As the number of Americans exposed to COVID continues to rise, the Centers for Disease Control and Prevention is working to reduce exposure to the virus in its own hospitals.

    But the agency is also urging families to monitor their temperature.

    “People are encouraged to stay home for at least two weeks, and if they do, stay indoors for at at least six weeks.

    The cold will take its toll on the body,” said Dr. Jeffrey Rosenbaum, a CDC public health epidemiologist.

    The CDC’s recommendation: Stay indoors for three days a week.

    If you have a cold and it gets worse, it can take three to five days for your body to heal.

    “The longer it takes, the more severe the symptoms are,” said Rosenbaum.

    “It could be the result of the virus being out in the air or in the blood or in your airways,” he said.

    “I’m trying to make sure that people are alert to it, but I’m also trying to remind them that there’s nothing that can really take away from the feeling of comfort that you feel,” said Joanne Gail, a nurse practitioner at The Medical Center of Atlanta.

    For some, the cold is a reminder that they have been exposed to the disease, even if it was long ago.

    “That’s been a little bit of a big one,” said Gail.

    “I think the cold helps remind people to take precautions.”

    The CDC also recommends people take a cold medicine.

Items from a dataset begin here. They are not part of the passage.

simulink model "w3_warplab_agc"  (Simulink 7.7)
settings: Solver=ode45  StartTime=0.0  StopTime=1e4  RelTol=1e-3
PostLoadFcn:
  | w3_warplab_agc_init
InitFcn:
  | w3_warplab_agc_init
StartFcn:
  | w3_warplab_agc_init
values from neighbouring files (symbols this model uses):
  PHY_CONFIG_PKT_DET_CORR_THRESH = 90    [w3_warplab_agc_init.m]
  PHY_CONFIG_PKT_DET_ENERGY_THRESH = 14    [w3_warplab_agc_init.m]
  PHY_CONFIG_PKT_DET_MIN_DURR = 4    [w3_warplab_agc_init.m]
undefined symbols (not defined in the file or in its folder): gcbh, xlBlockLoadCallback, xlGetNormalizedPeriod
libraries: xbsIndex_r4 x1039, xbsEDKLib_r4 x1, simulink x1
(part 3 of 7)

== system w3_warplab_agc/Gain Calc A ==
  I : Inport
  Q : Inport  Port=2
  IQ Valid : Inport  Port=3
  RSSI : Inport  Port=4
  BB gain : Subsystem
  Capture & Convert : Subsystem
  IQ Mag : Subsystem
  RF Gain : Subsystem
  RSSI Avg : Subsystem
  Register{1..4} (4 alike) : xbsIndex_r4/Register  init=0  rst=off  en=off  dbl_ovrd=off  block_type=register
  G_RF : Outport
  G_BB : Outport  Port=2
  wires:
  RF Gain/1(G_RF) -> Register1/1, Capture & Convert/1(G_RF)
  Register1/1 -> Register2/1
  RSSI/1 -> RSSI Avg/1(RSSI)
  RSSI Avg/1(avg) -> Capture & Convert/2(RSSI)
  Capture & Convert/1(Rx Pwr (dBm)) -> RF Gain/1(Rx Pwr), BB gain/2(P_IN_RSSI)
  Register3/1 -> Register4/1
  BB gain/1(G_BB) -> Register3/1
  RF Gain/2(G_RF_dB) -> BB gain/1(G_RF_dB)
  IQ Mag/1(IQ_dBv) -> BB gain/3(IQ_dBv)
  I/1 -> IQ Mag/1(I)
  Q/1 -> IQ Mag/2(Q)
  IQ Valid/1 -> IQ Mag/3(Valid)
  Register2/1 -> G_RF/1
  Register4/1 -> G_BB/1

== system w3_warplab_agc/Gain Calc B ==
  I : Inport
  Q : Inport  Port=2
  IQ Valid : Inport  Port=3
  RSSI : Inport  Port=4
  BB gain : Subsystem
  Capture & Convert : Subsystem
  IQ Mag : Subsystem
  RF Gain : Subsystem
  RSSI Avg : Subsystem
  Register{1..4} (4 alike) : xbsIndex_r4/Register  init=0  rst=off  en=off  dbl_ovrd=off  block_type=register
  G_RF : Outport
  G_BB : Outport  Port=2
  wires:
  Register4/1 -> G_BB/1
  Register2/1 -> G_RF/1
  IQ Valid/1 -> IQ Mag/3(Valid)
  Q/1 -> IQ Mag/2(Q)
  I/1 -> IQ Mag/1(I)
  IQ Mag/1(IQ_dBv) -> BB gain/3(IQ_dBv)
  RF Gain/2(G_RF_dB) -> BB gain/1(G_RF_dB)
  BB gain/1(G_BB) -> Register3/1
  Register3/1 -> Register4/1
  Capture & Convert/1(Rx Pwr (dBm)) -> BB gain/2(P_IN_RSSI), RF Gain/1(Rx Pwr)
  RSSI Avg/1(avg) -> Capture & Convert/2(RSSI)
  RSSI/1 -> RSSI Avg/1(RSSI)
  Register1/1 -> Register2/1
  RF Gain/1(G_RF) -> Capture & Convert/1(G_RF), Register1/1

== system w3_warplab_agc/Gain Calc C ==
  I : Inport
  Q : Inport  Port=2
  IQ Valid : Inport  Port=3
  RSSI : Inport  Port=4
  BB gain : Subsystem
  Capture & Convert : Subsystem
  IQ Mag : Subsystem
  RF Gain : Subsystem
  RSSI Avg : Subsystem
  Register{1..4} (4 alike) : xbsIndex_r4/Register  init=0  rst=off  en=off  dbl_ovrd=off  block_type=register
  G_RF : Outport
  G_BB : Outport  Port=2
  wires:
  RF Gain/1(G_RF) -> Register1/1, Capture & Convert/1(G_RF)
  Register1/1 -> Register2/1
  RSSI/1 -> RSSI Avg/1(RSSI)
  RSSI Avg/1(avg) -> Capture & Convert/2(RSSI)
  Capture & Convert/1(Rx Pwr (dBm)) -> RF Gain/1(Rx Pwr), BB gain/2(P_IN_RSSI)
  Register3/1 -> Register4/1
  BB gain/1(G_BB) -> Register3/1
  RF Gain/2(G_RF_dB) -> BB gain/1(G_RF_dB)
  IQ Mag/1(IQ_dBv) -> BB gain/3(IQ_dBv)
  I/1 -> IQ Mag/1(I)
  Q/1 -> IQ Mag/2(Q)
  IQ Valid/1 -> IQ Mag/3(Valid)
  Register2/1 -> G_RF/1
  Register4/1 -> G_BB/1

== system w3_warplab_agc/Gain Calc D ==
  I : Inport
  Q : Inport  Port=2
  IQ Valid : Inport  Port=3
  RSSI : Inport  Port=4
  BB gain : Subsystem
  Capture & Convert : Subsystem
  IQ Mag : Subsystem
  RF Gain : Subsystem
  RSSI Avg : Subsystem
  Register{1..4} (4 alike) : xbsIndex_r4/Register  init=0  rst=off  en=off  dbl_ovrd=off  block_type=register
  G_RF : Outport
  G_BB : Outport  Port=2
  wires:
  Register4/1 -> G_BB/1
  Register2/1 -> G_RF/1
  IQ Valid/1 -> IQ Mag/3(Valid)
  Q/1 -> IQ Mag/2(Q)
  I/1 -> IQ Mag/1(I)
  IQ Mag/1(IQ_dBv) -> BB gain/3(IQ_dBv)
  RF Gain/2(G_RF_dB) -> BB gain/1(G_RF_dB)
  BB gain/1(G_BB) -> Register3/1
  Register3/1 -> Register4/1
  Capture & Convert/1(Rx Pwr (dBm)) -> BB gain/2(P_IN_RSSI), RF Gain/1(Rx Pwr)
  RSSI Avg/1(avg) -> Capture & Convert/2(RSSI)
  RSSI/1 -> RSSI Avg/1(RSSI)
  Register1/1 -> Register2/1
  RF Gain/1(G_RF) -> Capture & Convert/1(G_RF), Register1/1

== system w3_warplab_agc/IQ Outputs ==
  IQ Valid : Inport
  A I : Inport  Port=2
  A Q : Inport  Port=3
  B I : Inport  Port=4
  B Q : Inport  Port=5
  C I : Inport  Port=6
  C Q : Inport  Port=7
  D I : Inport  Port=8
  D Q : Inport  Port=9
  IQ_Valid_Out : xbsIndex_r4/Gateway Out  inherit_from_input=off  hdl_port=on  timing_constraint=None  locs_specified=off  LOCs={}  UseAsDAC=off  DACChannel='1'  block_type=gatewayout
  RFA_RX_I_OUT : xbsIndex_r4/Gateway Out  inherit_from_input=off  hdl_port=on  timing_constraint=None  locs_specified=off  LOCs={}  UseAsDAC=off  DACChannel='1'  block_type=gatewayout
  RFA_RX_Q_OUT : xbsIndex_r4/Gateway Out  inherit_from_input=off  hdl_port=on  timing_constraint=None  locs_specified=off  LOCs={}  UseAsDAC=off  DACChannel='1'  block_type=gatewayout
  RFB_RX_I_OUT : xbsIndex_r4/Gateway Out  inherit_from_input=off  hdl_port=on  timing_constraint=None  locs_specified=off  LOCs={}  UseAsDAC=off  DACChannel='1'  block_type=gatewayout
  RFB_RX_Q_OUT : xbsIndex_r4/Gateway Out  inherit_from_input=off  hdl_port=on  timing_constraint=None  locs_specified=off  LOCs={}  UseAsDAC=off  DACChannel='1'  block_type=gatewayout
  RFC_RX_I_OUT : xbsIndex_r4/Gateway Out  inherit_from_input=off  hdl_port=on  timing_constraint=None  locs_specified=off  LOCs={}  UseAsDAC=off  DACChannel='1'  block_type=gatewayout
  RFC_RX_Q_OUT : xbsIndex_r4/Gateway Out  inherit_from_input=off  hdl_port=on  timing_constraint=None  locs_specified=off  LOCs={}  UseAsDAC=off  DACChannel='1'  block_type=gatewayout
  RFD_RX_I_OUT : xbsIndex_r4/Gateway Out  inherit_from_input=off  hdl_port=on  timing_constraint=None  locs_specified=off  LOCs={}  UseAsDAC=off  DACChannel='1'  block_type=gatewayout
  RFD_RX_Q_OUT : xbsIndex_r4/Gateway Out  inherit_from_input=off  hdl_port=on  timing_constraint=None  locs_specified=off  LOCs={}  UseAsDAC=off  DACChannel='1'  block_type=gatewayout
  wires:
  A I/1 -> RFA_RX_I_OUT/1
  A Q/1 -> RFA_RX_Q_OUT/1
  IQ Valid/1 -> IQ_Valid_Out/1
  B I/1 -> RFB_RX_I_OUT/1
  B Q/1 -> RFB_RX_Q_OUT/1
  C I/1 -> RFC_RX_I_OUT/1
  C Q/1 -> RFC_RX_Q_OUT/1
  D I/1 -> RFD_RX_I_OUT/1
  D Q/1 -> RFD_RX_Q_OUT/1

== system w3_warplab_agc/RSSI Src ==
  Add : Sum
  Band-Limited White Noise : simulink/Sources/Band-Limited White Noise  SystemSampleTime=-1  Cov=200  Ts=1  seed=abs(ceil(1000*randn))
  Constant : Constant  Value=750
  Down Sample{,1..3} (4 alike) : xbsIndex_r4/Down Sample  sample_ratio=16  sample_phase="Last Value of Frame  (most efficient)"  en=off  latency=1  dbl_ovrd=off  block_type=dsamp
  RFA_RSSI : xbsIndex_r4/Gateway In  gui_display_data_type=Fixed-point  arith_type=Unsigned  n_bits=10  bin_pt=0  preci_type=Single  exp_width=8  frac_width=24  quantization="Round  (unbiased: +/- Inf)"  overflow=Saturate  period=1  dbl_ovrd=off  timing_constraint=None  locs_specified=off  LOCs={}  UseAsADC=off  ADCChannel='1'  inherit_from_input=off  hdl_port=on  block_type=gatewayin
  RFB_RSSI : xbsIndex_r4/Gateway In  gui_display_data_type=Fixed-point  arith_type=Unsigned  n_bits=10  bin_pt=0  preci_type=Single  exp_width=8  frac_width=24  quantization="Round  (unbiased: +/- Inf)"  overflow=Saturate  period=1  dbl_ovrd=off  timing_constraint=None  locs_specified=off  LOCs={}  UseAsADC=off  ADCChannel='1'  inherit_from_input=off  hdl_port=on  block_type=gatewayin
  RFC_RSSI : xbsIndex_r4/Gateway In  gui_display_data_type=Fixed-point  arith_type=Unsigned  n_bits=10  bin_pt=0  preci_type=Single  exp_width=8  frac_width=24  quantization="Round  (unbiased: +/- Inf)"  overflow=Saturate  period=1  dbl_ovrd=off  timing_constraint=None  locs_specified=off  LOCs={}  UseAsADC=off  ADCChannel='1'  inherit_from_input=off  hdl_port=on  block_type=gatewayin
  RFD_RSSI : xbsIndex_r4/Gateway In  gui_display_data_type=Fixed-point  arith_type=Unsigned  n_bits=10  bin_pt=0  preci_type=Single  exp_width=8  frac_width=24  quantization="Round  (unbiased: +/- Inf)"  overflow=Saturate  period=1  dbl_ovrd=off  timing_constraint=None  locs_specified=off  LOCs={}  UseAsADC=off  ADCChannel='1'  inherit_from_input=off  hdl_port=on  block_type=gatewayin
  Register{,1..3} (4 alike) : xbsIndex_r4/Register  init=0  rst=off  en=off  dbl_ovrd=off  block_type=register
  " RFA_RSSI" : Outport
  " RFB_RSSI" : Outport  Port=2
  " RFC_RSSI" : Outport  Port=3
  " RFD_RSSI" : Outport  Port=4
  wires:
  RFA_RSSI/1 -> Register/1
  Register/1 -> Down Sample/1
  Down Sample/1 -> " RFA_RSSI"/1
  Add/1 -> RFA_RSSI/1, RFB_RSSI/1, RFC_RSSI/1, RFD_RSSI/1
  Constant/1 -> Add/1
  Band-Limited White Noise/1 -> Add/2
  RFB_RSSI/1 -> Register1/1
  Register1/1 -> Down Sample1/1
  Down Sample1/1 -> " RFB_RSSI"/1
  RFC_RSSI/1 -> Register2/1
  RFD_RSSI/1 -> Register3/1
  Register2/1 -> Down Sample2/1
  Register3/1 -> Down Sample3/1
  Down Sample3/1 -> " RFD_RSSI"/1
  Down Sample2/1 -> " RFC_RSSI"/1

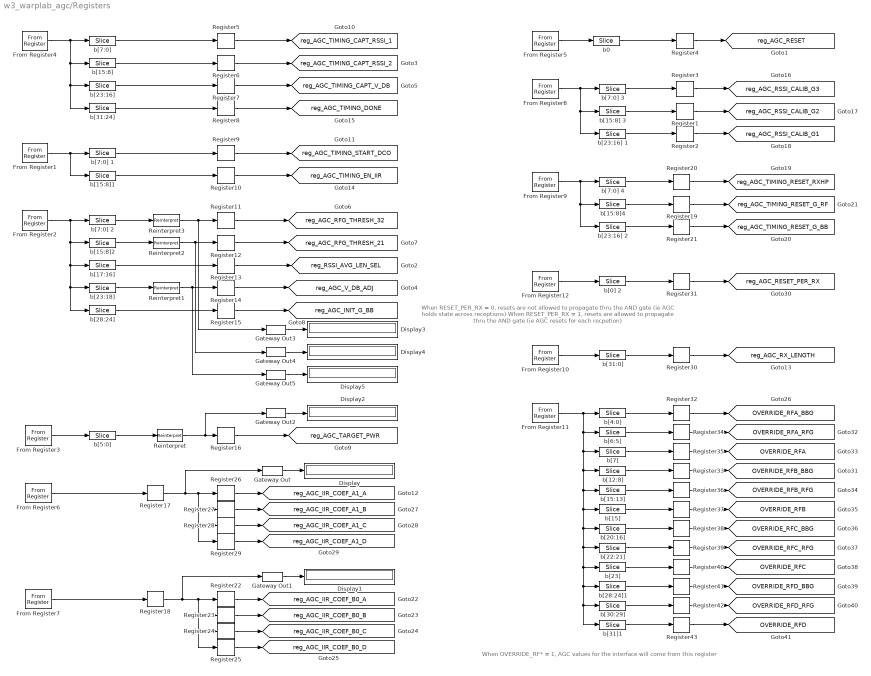
== system w3_warplab_agc/Registers ==
  note: When RESET_PER_RX = 0, resets are not allowed to propagate thru the AND gate (ie AGC holds state across receptions)
      | When RESET_PER_RX = 1, resets are allowed to propagate thru the AND gate (ie AGC resets for each recpetion)
  note: When OVERRIDE_RF* = 1, AGC values for the interface will come from this register
  Display{,1..5} (6 alike) : Display
  From Register1 : xbsIndex_r4/From Register  shared_memory_name='TIMING_DCO'  init=REG_AGC_Timing_DCO  period=1  ownership=Locally owned and initialized  gui_display_data_type=Fixed-point  arith_type=Unsigned  n_bits=32  bin_pt=0  preci_type=Single  dbl_ovrd=off  block_type=fromreg
      settings: AttributesFormatString=<< %<shared_memory_name> >>  infoedit="Register block that reads data to a shared memory register.  Delay of one sample period."
  From Register10 : xbsIndex_r4/From Register  shared_memory_name='RX_LENGTH'  init=REG_AGC_RX_LENGTH  period=1  ownership=Locally owned and initialized  gui_display_data_type=Fixed-point  arith_type=Unsigned  n_bits=32  bin_pt=0  preci_type=Single  dbl_ovrd=off  block_type=fromreg
      settings: AttributesFormatString=<< %<shared_memory_name> >>  infoedit="Register block that reads data to a shared memory register.  Delay of one sample period."
  From Register11 : xbsIndex_r4/From Register  shared_memory_name='AGC_OVERRIDE'  init=REG_ACG_OVERRIDE  period=1  ownership=Locally owned and initialized  gui_display_data_type=Fixed-point  arith_type=Unsigned  n_bits=32  bin_pt=0  preci_type=Single  dbl_ovrd=off  block_type=fromreg
      settings: AttributesFormatString=<< %<shared_memory_name> >>  infoedit="Register block that reads data to a shared memory register.  Delay of one sample period."
  From Register12 : xbsIndex_r4/From Register  shared_memory_name='RESET_MODE'  init=REG_AGC_RESET_MODE  period=1  ownership=Locally owned and initialized  gui_display_data_type=Fixed-point  arith_type=Unsigned  n_bits=32  bin_pt=0  preci_type=Single  dbl_ovrd=off  block_type=fromreg
      settings: AttributesFormatString=<< %<shared_memory_name> >>  infoedit="Register block that reads data to a shared memory register.  Delay of one sample period."
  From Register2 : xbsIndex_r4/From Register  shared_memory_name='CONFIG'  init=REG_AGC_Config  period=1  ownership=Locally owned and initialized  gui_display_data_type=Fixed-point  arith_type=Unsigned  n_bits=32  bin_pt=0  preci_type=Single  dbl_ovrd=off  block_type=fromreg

    “A lot of times people take cold medications for things like headaches or neck pain, or cough,” said Marc Edwards, a spokesman for the CDC.

    “For other conditions, like COVID, there’s no evidence to support that it’s good to take cold medicine.”

    The cold can also help people stay healthy.

    “If it’s a cold, it’s probably a good thing,” said Rebecca Olin, who lives in New Jersey.

    “For people who are going to be getting more of a cold because of COVID in the hospital, the ability to feel better, and the feeling that you’re not a burden, that’s a good one,” she said.

    Dr. Rosenbaum says if you have symptoms of a COVID infection, such as cough, runny nose, or runny eyes, it might not be a good idea to wear a mask.

    “In a lot of cases, it could be more of an infection if you don’t have that reaction,” he explained.

    “But it’s important to be cautious because you’re still getting colds from other people,” he added.

    “Even if you’re protected, you’re going to have a lot more exposure to these infections.

    So it’s definitely worth taking a cold medication.”

    If you think you have been vaccinated, don’t miss out on your chance to save lives by getting tested.

    The test you need is called a CoV-19 Clinical Evaluation and Prevention (CEP) test, which costs $80.

    For the cost of the test, you can get your COVID test and the test kit.